那锅汤沈欲明喝了大半碗,排骨吃了两块,米饭也扒了大半份,吃的也很有食欲。
上午的课他趴在桌上睡了两节,但第三节的时候醒了过来,鼻音比前一天轻了一些,说话的时候声音也不再是哑的了。
谢逸兴坐在教室另一头低头做题,中途抬头看了一眼他的方向——沈欲明正在低头写字,笔尖在纸面上走得比前几天快了一些。谢逸兴收回目光,继续写题了。
下午体育课自由活动的时候,沈欲明去操场走了一圈。谢逸兴也没问他要不要一起走,就这样跟上来了,他走在沈欲明旁边大约一步的距离,两个人的脚步节奏不紧不慢的,谁也没有说话。

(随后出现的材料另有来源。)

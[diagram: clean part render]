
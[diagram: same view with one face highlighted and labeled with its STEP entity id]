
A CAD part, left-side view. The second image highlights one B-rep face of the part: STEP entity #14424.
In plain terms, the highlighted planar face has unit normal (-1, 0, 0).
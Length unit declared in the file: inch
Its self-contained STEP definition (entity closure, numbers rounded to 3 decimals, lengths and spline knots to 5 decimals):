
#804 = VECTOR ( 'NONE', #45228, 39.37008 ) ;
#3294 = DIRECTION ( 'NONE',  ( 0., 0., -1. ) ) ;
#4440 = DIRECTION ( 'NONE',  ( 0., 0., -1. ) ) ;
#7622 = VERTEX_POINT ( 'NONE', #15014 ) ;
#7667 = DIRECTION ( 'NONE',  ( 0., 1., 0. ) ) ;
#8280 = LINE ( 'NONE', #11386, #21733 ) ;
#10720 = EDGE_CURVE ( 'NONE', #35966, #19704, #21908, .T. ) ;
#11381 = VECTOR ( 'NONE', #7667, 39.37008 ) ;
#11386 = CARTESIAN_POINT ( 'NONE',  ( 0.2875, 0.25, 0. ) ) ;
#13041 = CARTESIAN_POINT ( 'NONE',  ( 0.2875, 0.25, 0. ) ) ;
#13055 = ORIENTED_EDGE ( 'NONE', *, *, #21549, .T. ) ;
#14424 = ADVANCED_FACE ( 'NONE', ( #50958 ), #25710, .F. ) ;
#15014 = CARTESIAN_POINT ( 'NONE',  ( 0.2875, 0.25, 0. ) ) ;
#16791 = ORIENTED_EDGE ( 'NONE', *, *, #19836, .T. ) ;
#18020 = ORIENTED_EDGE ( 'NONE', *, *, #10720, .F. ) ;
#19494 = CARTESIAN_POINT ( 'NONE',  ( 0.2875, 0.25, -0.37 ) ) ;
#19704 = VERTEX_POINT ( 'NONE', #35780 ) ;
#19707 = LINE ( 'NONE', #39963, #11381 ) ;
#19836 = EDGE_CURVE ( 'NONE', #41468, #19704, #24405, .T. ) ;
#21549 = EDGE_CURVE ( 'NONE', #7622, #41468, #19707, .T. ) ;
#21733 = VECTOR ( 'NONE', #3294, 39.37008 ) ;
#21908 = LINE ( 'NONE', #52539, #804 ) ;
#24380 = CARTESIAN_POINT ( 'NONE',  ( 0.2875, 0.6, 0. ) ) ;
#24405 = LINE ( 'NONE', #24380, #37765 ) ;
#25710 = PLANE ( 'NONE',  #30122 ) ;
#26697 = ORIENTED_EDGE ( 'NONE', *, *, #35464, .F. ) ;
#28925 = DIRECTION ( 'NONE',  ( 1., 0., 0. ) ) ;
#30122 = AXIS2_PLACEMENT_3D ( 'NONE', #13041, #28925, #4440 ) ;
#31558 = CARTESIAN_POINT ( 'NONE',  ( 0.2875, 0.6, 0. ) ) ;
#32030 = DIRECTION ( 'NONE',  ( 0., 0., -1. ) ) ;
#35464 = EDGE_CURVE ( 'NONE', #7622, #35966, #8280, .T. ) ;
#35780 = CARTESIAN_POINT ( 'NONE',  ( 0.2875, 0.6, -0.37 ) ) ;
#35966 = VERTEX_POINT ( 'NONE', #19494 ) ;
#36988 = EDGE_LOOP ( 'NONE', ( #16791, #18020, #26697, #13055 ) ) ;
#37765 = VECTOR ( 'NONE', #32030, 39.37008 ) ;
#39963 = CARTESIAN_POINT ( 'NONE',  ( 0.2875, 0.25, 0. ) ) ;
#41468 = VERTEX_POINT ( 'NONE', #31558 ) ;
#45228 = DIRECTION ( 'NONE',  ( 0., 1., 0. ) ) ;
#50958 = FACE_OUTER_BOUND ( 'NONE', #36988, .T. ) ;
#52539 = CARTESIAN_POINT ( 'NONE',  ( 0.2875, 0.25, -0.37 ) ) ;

风还是凉的,但阳光晒在背上的时候能感觉到一点暖意。沈欲明走了一段之后把外套拉链拉开了,把围巾从脖子上解下来递给了谢逸兴:“这个还你。”
谢逸兴接过来的时候摸到围巾上还有余温,是被人捂了一整个上午之后散不掉的温度。他把围巾挂在自己脖子上,没有绕,就那么搭着,像一条松开的线。
“我好了。”沈欲明说。
“嗯。”
“明天不用买汤了。”
“那后天降温怎么办?”
沈欲明偏头看了他一眼,风把他的头发吹乱了一撮,他伸手按了一下又松开:“那你就再去排队。”
谢逸兴没有说好,也没有说不好。两个人并肩走回了教室。风从操场那边穿过来,把两个的影子在地上拉得又长又细,然后慢慢收拢成两个并肩的、被日光晒暖了的轮廓。那些影子在青灰色的水泥地面上并排铺着,随着风里衣摆的晃动轻轻擦了擦边。